Foram longos minutos até que Ricardo Noblat, gente boníssima que não precisava passar por isso, tentou responder ao Homem-span como pôde… No intervalo, lá estava ele na porta do salão, munido de centenas de panfletos, xerocados em folha sulfite. Era importante conhecer suas teorias, seja em áudio ou por escrito.
Enfim, o que faz alguém com a missão de propagar mensagens a qualquer custo, independente do meio? Não desiste nunca, é claro! Diante do radialista Milton Jung, do presidente do Ig Caio Tûlio Costa, e do ombudsman da Folha Mário Magalhães, decidiu apelar de verdade. A platéia, que já suspirava algo como “ai, não, esse cara outra vez”, ficou de boca aberta com seu segundo discurso – que deixaria o “futurista do NYT” morrendo de inveja.
“A verdaaaaaade!!! Digam não ao martírio, ritual e doutrina!!! Eu tenho a solução para o problema da violência no Brasil, o conhecimento da vida!!! Nosso povo está degenerado, o sexo era para ser a fonte da vida, agora é a sodomia!!! O seu jornal erra ao dizer que os desvios do coito e a sodomia simplesmente de sexo anal!!! Vocês precisam informar o povo, isto é sodomia, e isso gera desvios de conduta!!! Ajudem a transmitir a verdaaaaade!!! Visite meu blogspot! Veja minha palestra! Entrem no youtube e digitem blablabla…”.
Pena que não soube como fizeram para traduzir isso aos angloparlantes da platéia. Enfim, passaram alguns segundos de consternação até Milton Jung pedir para um dos convidados responder a… Enfim. Caio Túlio falou sobre o que podia: na penetração (sem maldade) da Internet na população do Brasil, disse que são 20% da população, que ainda é pouco, vai melhorar… Mário Magalhães mostrou sua inteligência e, educadamente, deu a resposta que todos gostariam de dar.
– Sobre a sua observação, e como representante dos leitores da Folha na redação, terei o maior prazer em encaminhar suas ponderações, para que possamos amenizar o que te aflige.
Aplausos, seguido de um grito contrariado (“isso não aflige a mim, mas a todo o Brasil!!!”), seguido de um uníssono “sssssshhhhhhh”.
Para finalizar: após o último painel, o Homem-spam continuou distribuindo seu panfleto no saguão do Itaú Cultural, até ser convidado pelos seguranças a se retirar.
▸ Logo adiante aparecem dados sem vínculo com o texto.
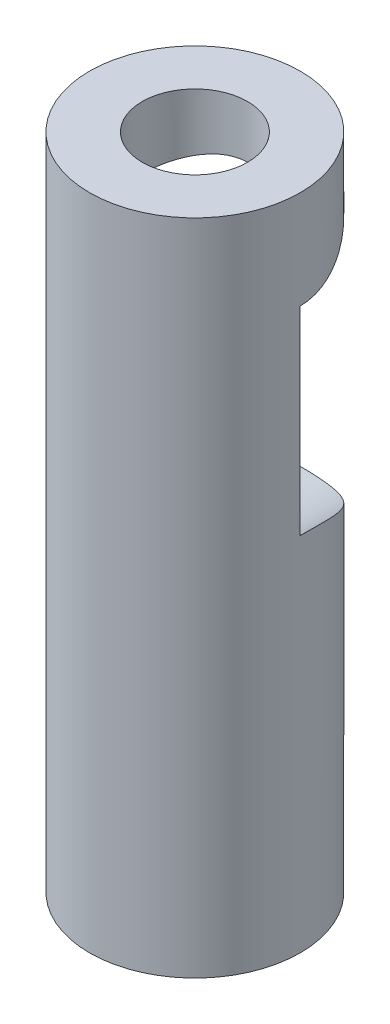
ISO-10303-21;
HEADER;
FILE_DESCRIPTION(('STEP AP214'),'2;1');
FILE_NAME('part.step','',(''),(''),'','','');
FILE_SCHEMA(('AUTOMOTIVE_DESIGN { 1 0 10303 214 1 1 1 1 }'));
ENDSEC;
DATA;
#1=APPLICATION_CONTEXT('core data for automotive mechanical design processes');
#2=APPLICATION_PROTOCOL_DEFINITION('international standard','automotive_design',2000,#1);
#3=PRODUCT_CONTEXT('',#1,'mechanical');
#4=PRODUCT('Part','Part','',(#3));
#5=PRODUCT_RELATED_PRODUCT_CATEGORY('part','',(#4));
#6=PRODUCT_DEFINITION_FORMATION('','',#4);
#7=PRODUCT_DEFINITION_CONTEXT('part definition',#1,'design');
#8=PRODUCT_DEFINITION('design','',#6,#7);
#9=PRODUCT_DEFINITION_SHAPE('','',#8);
#10=(LENGTH_UNIT() NAMED_UNIT(*) SI_UNIT(.MILLI.,.METRE.));
#11=(NAMED_UNIT(*) PLANE_ANGLE_UNIT() SI_UNIT($,.RADIAN.));
#12=(NAMED_UNIT(*) SI_UNIT($,.STERADIAN.) SOLID_ANGLE_UNIT());
#13=UNCERTAINTY_MEASURE_WITH_UNIT(LENGTH_MEASURE(1.E-05),#10,'distance_accuracy_value','');
#14=(GEOMETRIC_REPRESENTATION_CONTEXT(3) GLOBAL_UNCERTAINTY_ASSIGNED_CONTEXT((#13)) GLOBAL_UNIT_ASSIGNED_CONTEXT((#10,
#11,#12)) REPRESENTATION_CONTEXT('',''));
#15=CARTESIAN_POINT('',(0.,0.,0.));
#16=DIRECTION('',(0.,0.,1.));
#17=DIRECTION('',(1.,0.,0.));
#18=AXIS2_PLACEMENT_3D('',#15,#16,#17);
#19=CARTESIAN_POINT('',(0.,30.,0.));
#20=DIRECTION('',(0.,1.,0.));
#21=DIRECTION('',(0.,0.,1.));
#22=AXIS2_PLACEMENT_3D('',#19,#20,#21);
#23=PLANE('',#22);
#24=CARTESIAN_POINT('',(0.,30.,0.));
#25=DIRECTION('',(0.,1.,0.));
#26=DIRECTION('',(0.,0.,1.));
#27=AXIS2_PLACEMENT_3D('',#24,#25,#26);
#28=CIRCLE('',#27,8.);
#29=CARTESIAN_POINT('',(0.,30.,8.));
#30=VERTEX_POINT('',#29);
#31=EDGE_CURVE('E82',#30,#30,#28,.T.);
#32=ORIENTED_EDGE('',*,*,#31,.T.);
#33=EDGE_LOOP('',(#32));
#34=FACE_BOUND('',#33,.T.);
#35=CARTESIAN_POINT('',(0.,30.,0.));
#36=DIRECTION('',(0.,1.,0.));
#37=DIRECTION('',(0.,0.,1.));
#38=AXIS2_PLACEMENT_3D('',#35,#36,#37);
#39=CIRCLE('',#38,4.);
#40=CARTESIAN_POINT('',(0.,30.,4.));
#41=VERTEX_POINT('',#40);
#42=EDGE_CURVE('E134',#41,#41,#39,.T.);
#43=ORIENTED_EDGE('',*,*,#42,.F.);
#44=EDGE_LOOP('',(#43));
#45=FACE_BOUND('',#44,.T.);
#46=ADVANCED_FACE('F37',(#34,#45),#23,.T.);
#47=CARTESIAN_POINT('',(0.,30.,0.));
#48=DIRECTION('',(0.,-1.,0.));
#49=DIRECTION('',(0.,0.,-1.));
#50=AXIS2_PLACEMENT_3D('',#47,#48,#49);
#51=CYLINDRICAL_SURFACE('',#50,8.);
#52=CARTESIAN_POINT('',(8.,22.5498344352707,0.));
#53=CARTESIAN_POINT('',(8.00000199844028,22.5498283267748,-0.095431619735903));
#54=CARTESIAN_POINT('',(7.99829185030613,22.5516448658461,-0.190845289819358));
#55=CARTESIAN_POINT('',(7.99147154013133,22.5588636209366,-0.381401788861192));
#56=CARTESIAN_POINT('',(7.98636186658306,22.5642653217882,-0.476544654760236));
#57=CARTESIAN_POINT('',(7.96599771885704,22.5857295269759,-0.760858071430158));
#58=CARTESIAN_POINT('',(7.94570789489396,22.6070516367834,-0.949315273757999));
#59=CARTESIAN_POINT('',(7.89252079212855,22.6622153009501,-1.3201596029133));
#60=CARTESIAN_POINT('',(7.8597768360575,22.6959044357565,-1.50259232695924));
#61=CARTESIAN_POINT('',(7.78233790802606,22.7742037192679,-1.86255942916633));
#62=CARTESIAN_POINT('',(7.73763796914071,22.8188184061696,-2.04009173763416));
#63=CARTESIAN_POINT('',(7.63738241548231,22.9167701958739,-2.38808505993314));
#64=CARTESIAN_POINT('',(7.58190686269935,22.9700425233274,-2.55858762017951));
#65=CARTESIAN_POINT('',(7.4605878243306,23.0837219450238,-2.89332521759701));
#66=CARTESIAN_POINT('',(7.39474519261594,23.1441284515671,-3.0575607695594));
#67=CARTESIAN_POINT('',(7.18202214972342,23.3339411249883,-3.54161901399744));
#68=CARTESIAN_POINT('',(7.02023368527078,23.4716469626147,-3.85181522133453));
#69=CARTESIAN_POINT('',(6.73333134985199,23.6994880806395,-4.32492277679641));
#70=CARTESIAN_POINT('',(6.61980446316222,23.7863680652962,-4.4967114611119));
#71=CARTESIAN_POINT('',(6.38027991203498,23.961809481583,-4.83054999310583));
#72=CARTESIAN_POINT('',(6.25428129924246,24.0503710406664,-4.99259909867467));
#73=CARTESIAN_POINT('',(5.99010022099942,24.2273509511195,-5.30667860442995));
#74=CARTESIAN_POINT('',(5.85191139841079,24.3157692029867,-5.45870370406776));
#75=CARTESIAN_POINT('',(5.56366321018976,24.4907364893537,-5.75221313426539));
#76=CARTESIAN_POINT('',(5.4136039064722,24.5772855336001,-5.89369751979669));
#77=CARTESIAN_POINT('',(5.07268105483459,24.7628004419074,-6.19097556003177));
#78=CARTESIAN_POINT('',(4.87943558839651,24.8610603488038,-6.34449483196718));
#79=CARTESIAN_POINT('',(4.47708307115174,25.0501314431433,-6.63454822098208));
#80=CARTESIAN_POINT('',(4.2679727641795,25.1409410934611,-6.77107883597556));
#81=CARTESIAN_POINT('',(3.83513256106445,25.3124127693071,-7.0252860573472));
#82=CARTESIAN_POINT('',(3.61142698628379,25.393091052883,-7.14299295582173));
#83=CARTESIAN_POINT('',(3.15047263728153,25.5419683822454,-7.35792817177386));
#84=CARTESIAN_POINT('',(2.913230495377,25.6101734716181,-7.4551664103162));
#85=CARTESIAN_POINT('',(2.4969052441054,25.7143560433235,-7.60258490513781));
#86=CARTESIAN_POINT('',(2.32065550609699,25.7539663154778,-7.65826322171721));
#87=CARTESIAN_POINT('',(1.96318866507327,25.8249279826338,-7.75759481885437));
#88=CARTESIAN_POINT('',(1.78197270003821,25.8562812524925,-7.80125082933213));
#89=CARTESIAN_POINT('',(1.41577917682509,25.9100777208756,-7.8759422534108));
#90=CARTESIAN_POINT('',(1.23080420976254,25.932526851818,-7.90698607027195));
#91=CARTESIAN_POINT('',(0.858229931091968,25.9680652944712,-7.95605072468404));
#92=CARTESIAN_POINT('',(0.670630527866628,25.9811542785902,-7.97407110643335));
#93=CARTESIAN_POINT('',(0.293764491135456,25.9976978850496,-7.99683814861065));
#94=CARTESIAN_POINT('',(0.1044950041764,26.001130143374,-8.00155399713273));
#95=CARTESIAN_POINT('',(-0.273825049507255,25.9982181955143,-7.99754995701883));
#96=CARTESIAN_POINT('',(-0.462875617068729,25.9918740268275,-7.98883011991499));
#97=CARTESIAN_POINT('',(-0.839354698295174,25.969551159661,-7.9580879589664));
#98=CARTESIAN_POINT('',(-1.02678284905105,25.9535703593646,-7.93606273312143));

Deu dois passinhos depois da escada e, sorrateiramente, tirou mais papéis da pasta, distribuindo um por um a cada transeunte que saía, aos gritos: “já pegou o seu? É importante!”. Nem mesmo as pobres criancinhas, que estavam ali para uma exposição, foram poupadas pelo sujeito.
Imagine como vai ser quando ele descobrir o e-mail.
Para saber mais sobre o MediaOn, procure pelos posts da Ana Brambilla, além dos áudios do Gustavo Jreige.
é cada figura, hehehhe
É mesmo, o homem-spam. Eu me desviei dele na saída qdo distribuía os folhetos.
Ah, e entrei sem inscrição, mas só no último dia. No segundo dia, o do “Fugita sabe quem”, assisti pela internet.
Falou!
Pois é, e o homem-spam não falou que a sodomia era mais prejudicial ao mundo do que a bomba atômica ou algo do tipo? hahaha
O pior é que tenho a impressão que esse cara já tinha feito o mesmo em outra palestra que participei, no ano passado, chamada “O Controle que a Mídia Exerce sobre a Mente das Pessoas”, que aconteceu na Bienal do Livro e teve o ex-presidente da CNN Internacional Sidney Pike, além de diversos jornalistas veteranos da TV Cultura. Teve um que fez o mesmo.
E, acho, também falando de sexo anal… Vai saber…
Não vi o homem-spam agindo nos corredores, apenas presenciei o absurdo enquanto estávamos na platéia. Te bater? hahahahaha….só tenho a lhe agradecer, meu caro pensador! Já teve outros eventos melhores, mas o fato de ter um grande dono de conteúdo por trás de um evento de jornalismo assim é o que me faz olhar com bons olhos, mas concordo com cada palavra que diz aí em cima.
Sensacional! Faltei no último dia e não vi o homem-spam em ação.
Tu decorou o blogspot do cara? Fiquei curioso…
1abs
Tá de parabéns por ter conseguido memorizar e registrar as frases do cidadão!